Dataset records section start

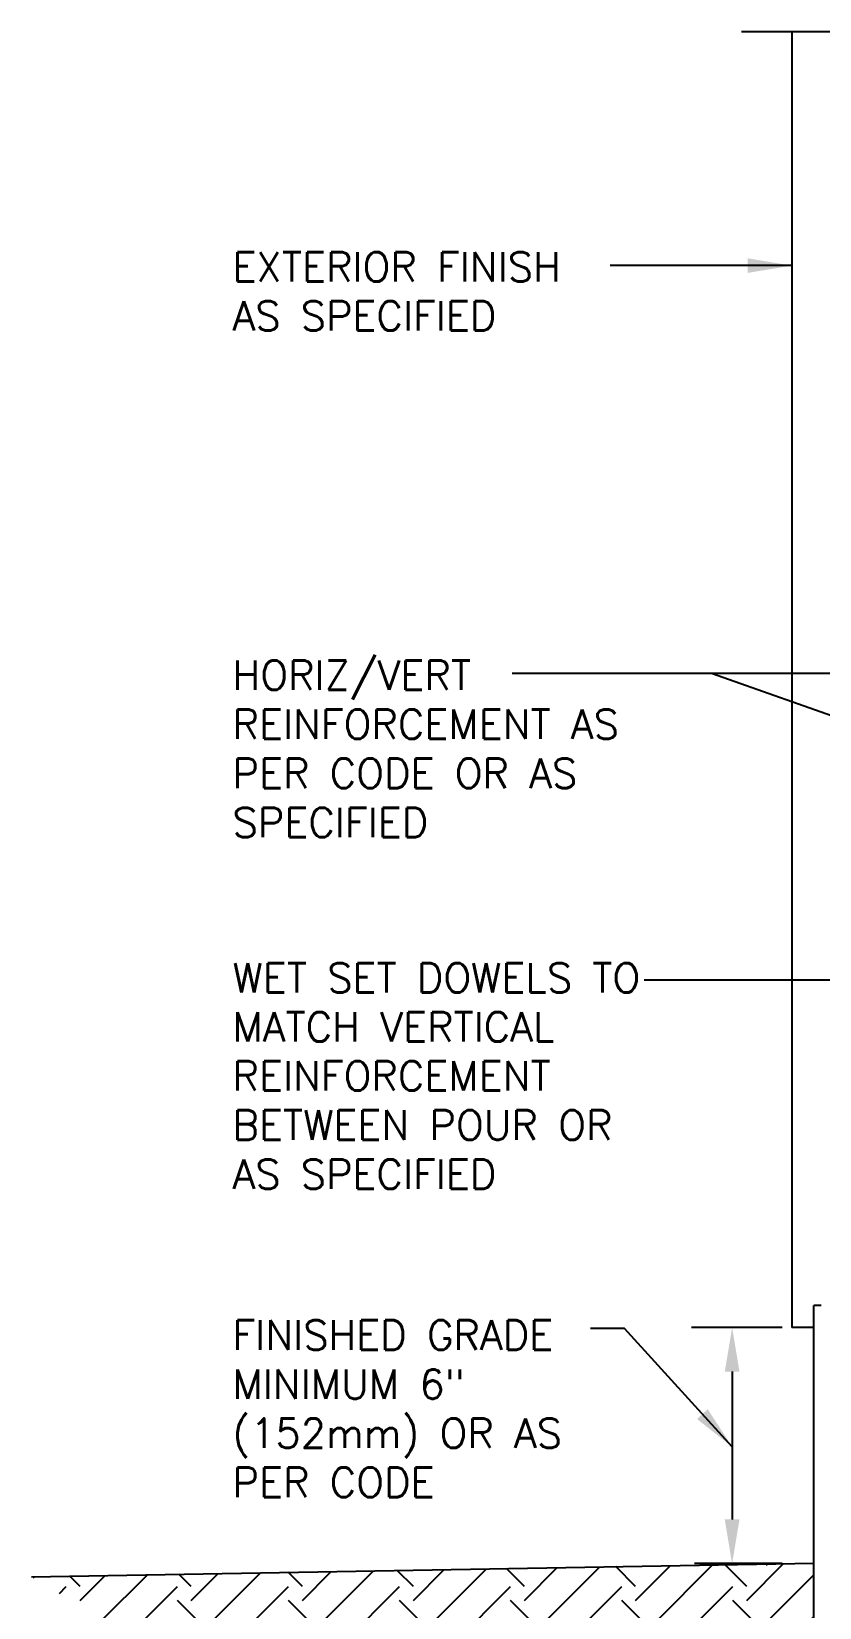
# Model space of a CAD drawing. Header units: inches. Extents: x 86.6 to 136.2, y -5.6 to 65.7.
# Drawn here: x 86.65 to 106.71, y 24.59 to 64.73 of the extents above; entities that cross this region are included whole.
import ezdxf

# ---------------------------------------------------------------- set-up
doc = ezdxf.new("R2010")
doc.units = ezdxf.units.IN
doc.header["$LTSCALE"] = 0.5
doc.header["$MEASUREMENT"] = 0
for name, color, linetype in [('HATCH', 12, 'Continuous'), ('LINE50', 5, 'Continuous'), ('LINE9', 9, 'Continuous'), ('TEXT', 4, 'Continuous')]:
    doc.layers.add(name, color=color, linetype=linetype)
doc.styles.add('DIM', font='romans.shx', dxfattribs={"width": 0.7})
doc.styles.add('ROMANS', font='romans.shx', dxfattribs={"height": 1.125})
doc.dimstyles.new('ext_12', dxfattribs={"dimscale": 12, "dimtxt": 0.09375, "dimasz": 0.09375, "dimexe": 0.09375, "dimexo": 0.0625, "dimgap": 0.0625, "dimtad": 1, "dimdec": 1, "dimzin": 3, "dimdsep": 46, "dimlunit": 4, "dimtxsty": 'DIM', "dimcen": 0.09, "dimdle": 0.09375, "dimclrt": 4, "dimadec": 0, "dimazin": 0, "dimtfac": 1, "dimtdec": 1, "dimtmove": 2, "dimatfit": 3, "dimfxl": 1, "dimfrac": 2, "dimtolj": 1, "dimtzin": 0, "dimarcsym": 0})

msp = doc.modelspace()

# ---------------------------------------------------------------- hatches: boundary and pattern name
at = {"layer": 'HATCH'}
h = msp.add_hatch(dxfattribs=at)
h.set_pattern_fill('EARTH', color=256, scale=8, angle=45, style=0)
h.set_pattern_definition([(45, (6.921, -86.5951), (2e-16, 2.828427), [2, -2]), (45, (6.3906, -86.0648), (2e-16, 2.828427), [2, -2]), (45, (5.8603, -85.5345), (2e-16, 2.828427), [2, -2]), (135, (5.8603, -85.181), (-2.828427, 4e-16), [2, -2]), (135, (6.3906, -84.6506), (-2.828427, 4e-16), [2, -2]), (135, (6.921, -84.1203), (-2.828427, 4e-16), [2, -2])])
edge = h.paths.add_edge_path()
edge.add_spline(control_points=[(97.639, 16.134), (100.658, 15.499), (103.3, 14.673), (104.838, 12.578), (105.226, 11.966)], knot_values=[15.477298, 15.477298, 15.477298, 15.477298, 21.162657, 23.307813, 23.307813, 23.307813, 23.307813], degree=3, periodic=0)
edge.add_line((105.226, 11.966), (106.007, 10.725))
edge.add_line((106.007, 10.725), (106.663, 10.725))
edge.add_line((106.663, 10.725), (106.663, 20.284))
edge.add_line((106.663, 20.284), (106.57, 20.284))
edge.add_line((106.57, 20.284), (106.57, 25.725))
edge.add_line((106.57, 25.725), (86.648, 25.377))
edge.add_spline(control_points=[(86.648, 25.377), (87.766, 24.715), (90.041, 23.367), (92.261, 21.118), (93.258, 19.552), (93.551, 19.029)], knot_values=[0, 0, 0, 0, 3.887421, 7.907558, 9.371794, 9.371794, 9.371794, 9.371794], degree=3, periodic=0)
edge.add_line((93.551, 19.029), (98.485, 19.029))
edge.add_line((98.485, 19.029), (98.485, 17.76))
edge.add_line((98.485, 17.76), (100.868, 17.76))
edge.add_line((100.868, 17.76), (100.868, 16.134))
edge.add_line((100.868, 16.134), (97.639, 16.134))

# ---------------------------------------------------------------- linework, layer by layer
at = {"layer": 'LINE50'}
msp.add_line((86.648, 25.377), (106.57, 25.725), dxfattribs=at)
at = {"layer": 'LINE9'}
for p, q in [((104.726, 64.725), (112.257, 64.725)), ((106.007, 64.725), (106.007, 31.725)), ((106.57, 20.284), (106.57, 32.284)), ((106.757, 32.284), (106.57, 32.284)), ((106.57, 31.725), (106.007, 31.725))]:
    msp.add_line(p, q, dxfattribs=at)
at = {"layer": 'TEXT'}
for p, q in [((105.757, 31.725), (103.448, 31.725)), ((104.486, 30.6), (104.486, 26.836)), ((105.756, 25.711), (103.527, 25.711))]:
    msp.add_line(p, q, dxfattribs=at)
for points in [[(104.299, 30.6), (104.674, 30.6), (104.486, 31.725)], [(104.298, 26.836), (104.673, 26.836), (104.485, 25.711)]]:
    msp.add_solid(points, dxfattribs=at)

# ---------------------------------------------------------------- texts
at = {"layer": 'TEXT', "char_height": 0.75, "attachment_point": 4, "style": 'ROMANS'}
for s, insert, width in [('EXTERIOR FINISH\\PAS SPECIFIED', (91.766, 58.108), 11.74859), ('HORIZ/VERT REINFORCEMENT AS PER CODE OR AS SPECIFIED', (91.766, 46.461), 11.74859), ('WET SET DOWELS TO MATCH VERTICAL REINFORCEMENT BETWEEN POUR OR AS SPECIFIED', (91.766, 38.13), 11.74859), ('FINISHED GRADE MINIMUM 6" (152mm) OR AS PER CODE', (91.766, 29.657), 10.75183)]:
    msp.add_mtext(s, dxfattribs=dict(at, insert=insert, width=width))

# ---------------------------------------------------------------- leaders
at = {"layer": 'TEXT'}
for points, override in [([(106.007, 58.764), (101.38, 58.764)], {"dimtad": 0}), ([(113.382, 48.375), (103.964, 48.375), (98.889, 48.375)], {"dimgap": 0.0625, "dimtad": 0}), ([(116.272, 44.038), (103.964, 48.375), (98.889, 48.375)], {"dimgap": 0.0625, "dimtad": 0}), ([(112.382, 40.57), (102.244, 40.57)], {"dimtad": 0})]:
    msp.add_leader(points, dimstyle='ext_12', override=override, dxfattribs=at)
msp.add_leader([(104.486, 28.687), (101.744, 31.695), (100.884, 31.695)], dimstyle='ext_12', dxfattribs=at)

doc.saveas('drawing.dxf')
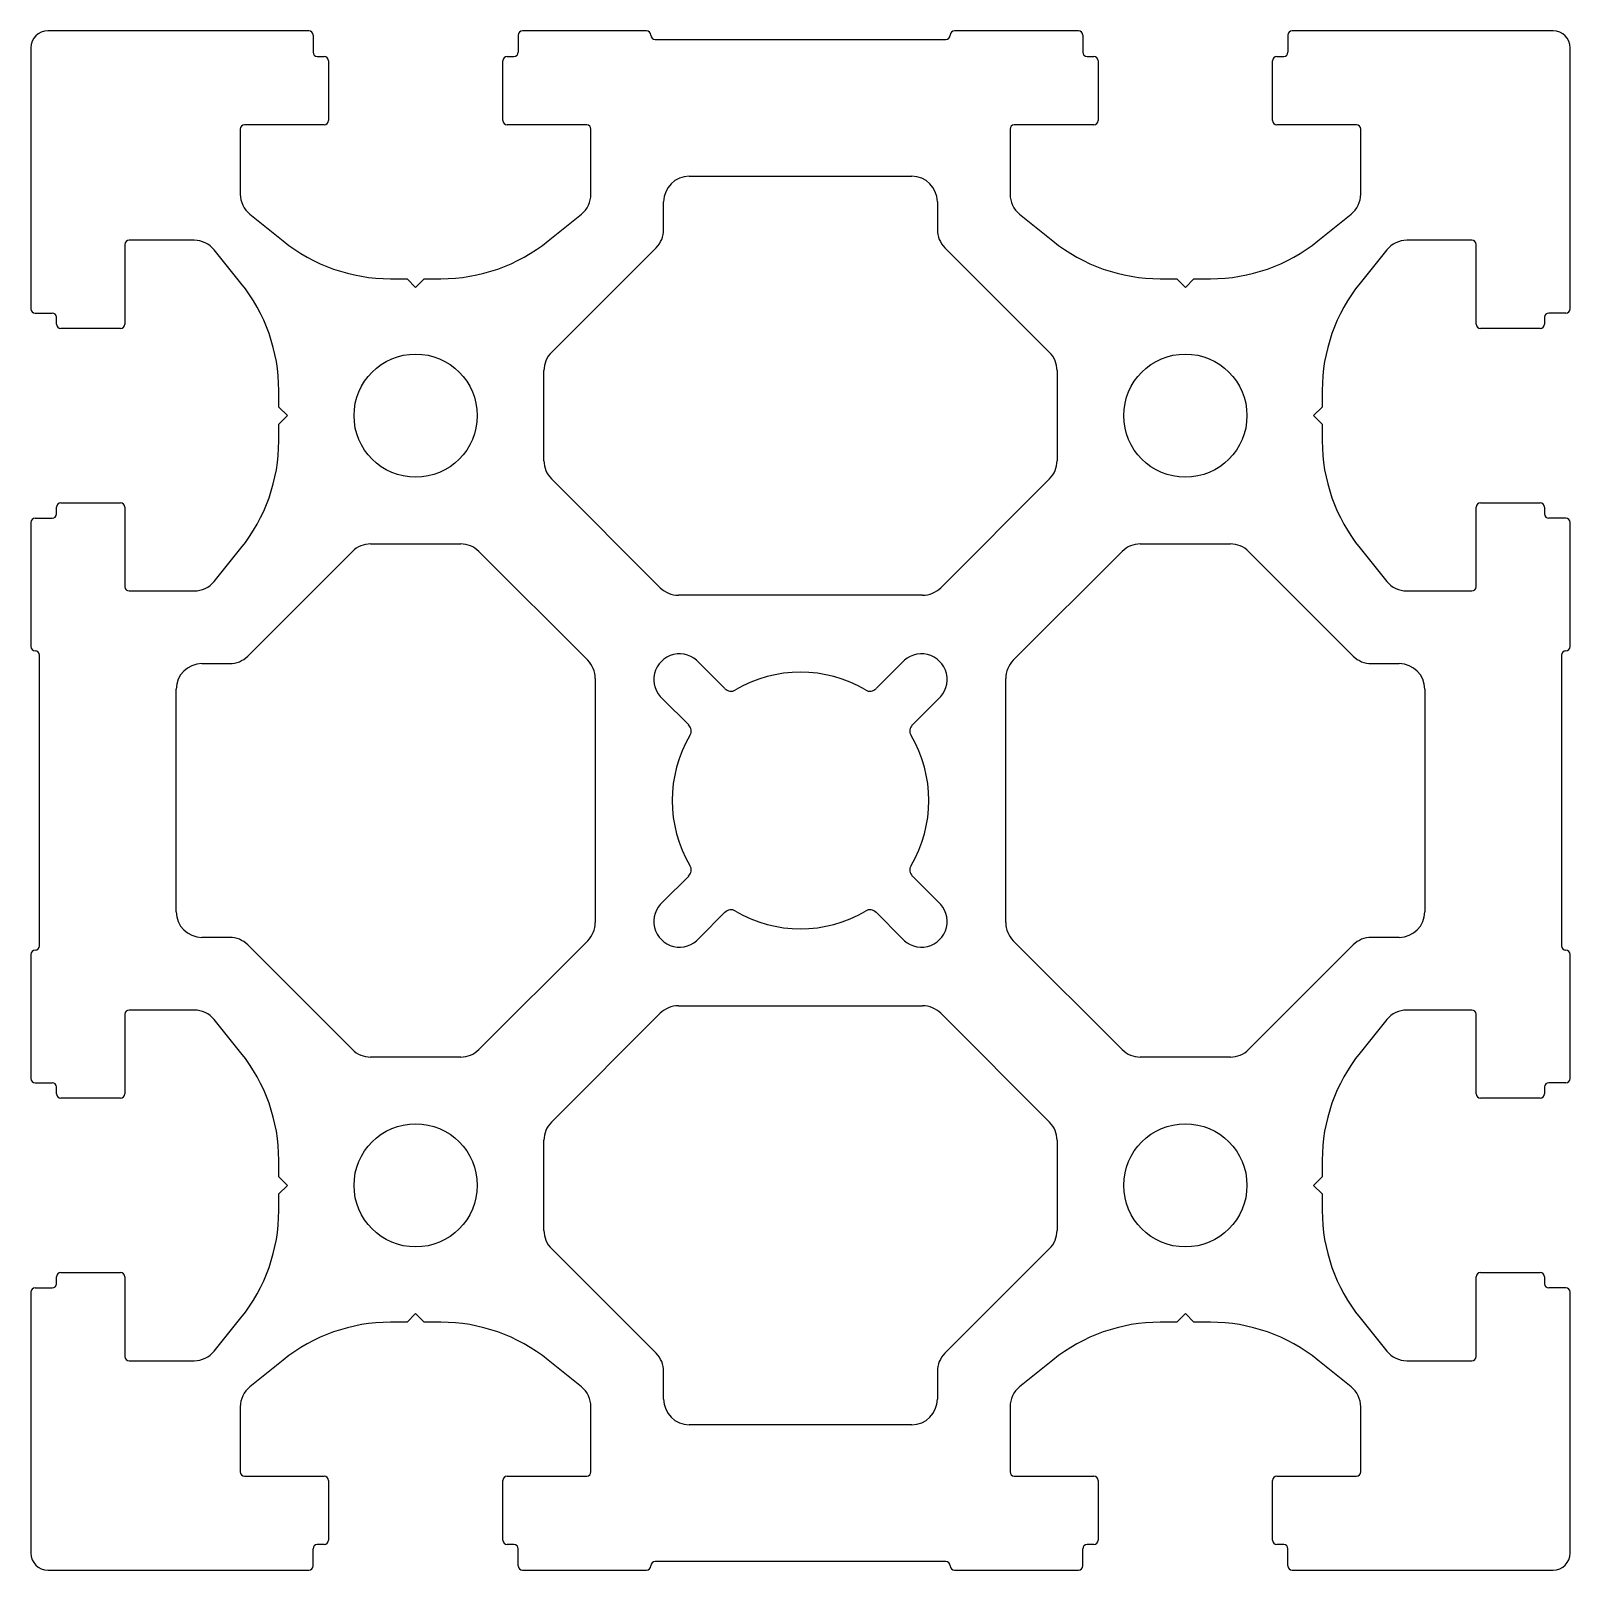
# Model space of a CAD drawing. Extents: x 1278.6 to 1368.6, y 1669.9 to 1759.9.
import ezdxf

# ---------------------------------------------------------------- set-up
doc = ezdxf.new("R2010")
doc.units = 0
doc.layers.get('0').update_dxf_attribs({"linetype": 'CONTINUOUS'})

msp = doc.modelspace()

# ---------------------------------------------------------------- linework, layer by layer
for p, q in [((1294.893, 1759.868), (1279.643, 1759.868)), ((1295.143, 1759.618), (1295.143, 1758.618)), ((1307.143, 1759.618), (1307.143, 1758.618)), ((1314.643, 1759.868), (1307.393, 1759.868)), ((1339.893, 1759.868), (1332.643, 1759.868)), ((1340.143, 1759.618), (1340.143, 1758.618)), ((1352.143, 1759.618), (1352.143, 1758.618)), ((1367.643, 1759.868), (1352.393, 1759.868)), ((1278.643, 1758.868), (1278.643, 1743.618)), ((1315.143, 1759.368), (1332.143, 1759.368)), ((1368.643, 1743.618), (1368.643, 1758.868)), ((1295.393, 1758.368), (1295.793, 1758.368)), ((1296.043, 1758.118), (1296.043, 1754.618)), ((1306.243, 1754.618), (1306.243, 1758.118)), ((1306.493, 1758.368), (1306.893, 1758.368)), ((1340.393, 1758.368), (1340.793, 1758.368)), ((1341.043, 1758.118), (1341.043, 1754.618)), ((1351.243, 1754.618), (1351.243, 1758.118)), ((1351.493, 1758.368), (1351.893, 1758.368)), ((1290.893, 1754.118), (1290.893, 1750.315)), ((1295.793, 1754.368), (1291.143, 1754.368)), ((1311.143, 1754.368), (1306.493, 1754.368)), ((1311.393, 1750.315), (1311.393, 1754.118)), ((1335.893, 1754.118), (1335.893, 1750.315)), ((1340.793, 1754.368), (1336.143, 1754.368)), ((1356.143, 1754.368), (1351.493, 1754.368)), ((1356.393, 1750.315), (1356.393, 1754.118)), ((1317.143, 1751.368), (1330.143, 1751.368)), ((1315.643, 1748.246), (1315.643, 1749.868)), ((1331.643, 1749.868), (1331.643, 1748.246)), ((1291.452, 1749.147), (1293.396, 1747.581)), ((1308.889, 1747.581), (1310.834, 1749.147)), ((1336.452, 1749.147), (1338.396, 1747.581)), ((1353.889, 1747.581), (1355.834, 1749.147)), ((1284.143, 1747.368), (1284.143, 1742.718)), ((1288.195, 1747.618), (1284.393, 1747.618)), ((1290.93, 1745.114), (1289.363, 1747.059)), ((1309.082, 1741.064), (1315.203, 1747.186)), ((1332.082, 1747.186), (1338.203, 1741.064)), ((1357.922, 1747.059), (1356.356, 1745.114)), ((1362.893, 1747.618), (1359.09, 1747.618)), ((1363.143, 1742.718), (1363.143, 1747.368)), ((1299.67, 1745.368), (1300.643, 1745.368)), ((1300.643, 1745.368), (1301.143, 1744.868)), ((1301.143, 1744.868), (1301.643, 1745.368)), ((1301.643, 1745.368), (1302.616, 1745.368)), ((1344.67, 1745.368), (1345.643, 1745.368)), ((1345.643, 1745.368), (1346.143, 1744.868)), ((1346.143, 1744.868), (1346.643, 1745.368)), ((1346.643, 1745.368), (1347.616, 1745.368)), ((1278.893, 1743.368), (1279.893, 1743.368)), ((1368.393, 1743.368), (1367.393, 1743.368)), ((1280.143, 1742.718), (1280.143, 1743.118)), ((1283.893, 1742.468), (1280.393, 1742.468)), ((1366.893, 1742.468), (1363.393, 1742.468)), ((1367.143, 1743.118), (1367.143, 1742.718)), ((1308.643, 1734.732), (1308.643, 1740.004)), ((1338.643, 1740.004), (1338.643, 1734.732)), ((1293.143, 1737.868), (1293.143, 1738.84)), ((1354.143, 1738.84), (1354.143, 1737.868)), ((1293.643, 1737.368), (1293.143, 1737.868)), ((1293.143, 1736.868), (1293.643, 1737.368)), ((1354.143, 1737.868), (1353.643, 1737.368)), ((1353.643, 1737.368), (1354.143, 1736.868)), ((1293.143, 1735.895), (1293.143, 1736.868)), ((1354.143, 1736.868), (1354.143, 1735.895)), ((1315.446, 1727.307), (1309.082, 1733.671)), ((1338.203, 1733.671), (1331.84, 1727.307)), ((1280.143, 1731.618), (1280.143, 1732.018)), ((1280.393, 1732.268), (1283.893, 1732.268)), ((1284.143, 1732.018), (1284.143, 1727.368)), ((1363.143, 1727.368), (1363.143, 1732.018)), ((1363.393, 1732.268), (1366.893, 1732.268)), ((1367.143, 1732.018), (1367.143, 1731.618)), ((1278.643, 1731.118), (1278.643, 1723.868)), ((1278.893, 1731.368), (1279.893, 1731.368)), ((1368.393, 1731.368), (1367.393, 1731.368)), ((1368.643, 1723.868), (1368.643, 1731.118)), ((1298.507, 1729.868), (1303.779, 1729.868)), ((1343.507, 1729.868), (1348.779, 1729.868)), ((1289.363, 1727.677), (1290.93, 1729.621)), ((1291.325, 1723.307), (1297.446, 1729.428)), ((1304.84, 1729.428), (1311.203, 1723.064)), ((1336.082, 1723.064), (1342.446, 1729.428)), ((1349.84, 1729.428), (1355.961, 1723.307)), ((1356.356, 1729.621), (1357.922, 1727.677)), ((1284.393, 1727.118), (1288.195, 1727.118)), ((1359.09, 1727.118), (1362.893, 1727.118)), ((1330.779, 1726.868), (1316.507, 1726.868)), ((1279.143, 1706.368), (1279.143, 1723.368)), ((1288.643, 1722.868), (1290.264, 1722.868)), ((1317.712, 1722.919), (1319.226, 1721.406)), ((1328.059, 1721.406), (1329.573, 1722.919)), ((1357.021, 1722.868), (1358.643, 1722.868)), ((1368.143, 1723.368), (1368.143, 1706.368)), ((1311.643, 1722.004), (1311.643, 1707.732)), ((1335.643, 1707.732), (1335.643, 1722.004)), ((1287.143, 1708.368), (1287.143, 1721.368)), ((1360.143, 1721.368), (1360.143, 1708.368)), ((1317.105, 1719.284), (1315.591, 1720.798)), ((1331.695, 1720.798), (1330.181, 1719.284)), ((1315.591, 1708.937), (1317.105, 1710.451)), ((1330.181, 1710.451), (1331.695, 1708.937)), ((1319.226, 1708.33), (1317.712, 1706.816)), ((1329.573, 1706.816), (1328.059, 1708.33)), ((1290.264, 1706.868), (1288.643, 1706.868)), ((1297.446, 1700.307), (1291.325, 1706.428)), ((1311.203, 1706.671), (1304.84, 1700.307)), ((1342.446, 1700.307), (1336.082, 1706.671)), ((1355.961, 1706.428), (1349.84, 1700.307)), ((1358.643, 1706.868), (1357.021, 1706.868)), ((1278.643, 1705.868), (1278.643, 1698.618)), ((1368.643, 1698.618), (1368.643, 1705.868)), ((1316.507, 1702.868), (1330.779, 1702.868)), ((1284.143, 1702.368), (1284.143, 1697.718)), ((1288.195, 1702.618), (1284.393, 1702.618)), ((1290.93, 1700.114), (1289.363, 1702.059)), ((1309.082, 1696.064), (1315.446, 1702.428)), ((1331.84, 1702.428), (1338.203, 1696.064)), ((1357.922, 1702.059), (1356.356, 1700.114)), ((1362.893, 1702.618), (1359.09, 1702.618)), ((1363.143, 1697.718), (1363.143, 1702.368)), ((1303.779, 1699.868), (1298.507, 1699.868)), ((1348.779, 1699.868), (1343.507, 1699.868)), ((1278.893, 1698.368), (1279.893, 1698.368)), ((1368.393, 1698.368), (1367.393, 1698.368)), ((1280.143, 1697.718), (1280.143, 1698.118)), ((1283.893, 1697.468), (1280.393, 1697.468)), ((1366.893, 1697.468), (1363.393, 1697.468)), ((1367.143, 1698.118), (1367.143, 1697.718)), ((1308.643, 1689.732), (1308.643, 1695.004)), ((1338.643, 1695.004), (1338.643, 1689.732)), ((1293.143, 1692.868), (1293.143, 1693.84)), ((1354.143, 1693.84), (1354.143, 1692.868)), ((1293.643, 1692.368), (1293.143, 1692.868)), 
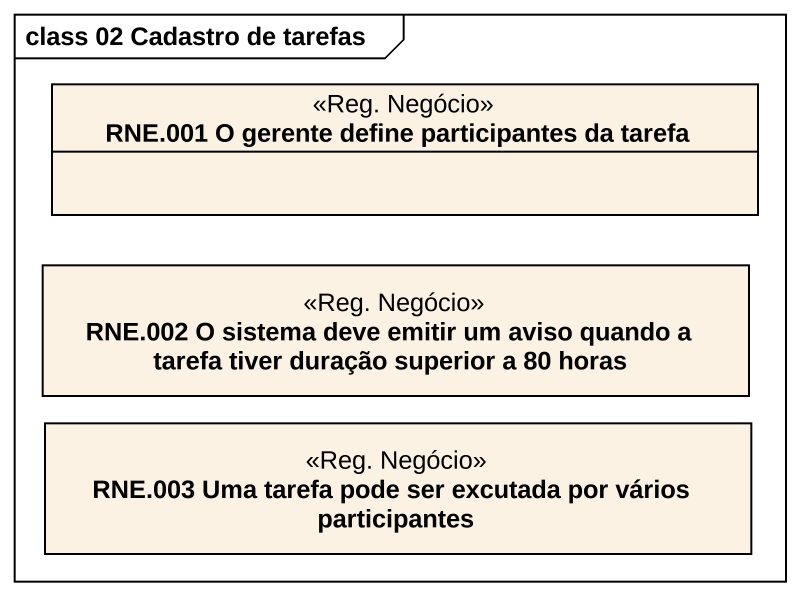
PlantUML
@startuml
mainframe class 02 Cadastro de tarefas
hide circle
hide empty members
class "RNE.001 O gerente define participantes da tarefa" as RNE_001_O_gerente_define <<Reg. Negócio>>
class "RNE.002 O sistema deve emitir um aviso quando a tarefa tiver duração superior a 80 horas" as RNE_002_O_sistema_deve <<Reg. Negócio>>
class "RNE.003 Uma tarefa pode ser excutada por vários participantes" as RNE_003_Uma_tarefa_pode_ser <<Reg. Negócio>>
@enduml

Dataset records section end

-- What is required --
Begin with the line above that has "h = msp.add_hatch(dxfattribs=at)" and continue through the line that has "23.307813], degree=3, periodic=0)", setting each one down exactly. Stop there.

-- Output of the exercise --
h = msp.add_hatch(dxfattribs=at)
h.set_pattern_fill('EARTH', color=256, scale=8, angle=45, style=0)
h.set_pattern_definition([(45, (6.921, -86.5951), (2e-16, 2.828427), [2, -2]), (45, (6.3906, -86.0648), (2e-16, 2.828427), [2, -2]), (45, (5.8603, -85.5345), (2e-16, 2.828427), [2, -2]), (135, (5.8603, -85.181), (-2.828427, 4e-16), [2, -2]), (135, (6.3906, -84.6506), (-2.828427, 4e-16), [2, -2]), (135, (6.921, -84.1203), (-2.828427, 4e-16), [2, -2])])
edge = h.paths.add_edge_path()
edge.add_spline(control_points=[(97.639, 16.134), (100.658, 15.499), (103.3, 14.673), (104.838, 12.578), (105.226, 11.966)], knot_values=[15.477298, 15.477298, 15.477298, 15.477298, 21.162657, 23.307813, 23.307813, 23.307813, 23.307813], degree=3, periodic=0)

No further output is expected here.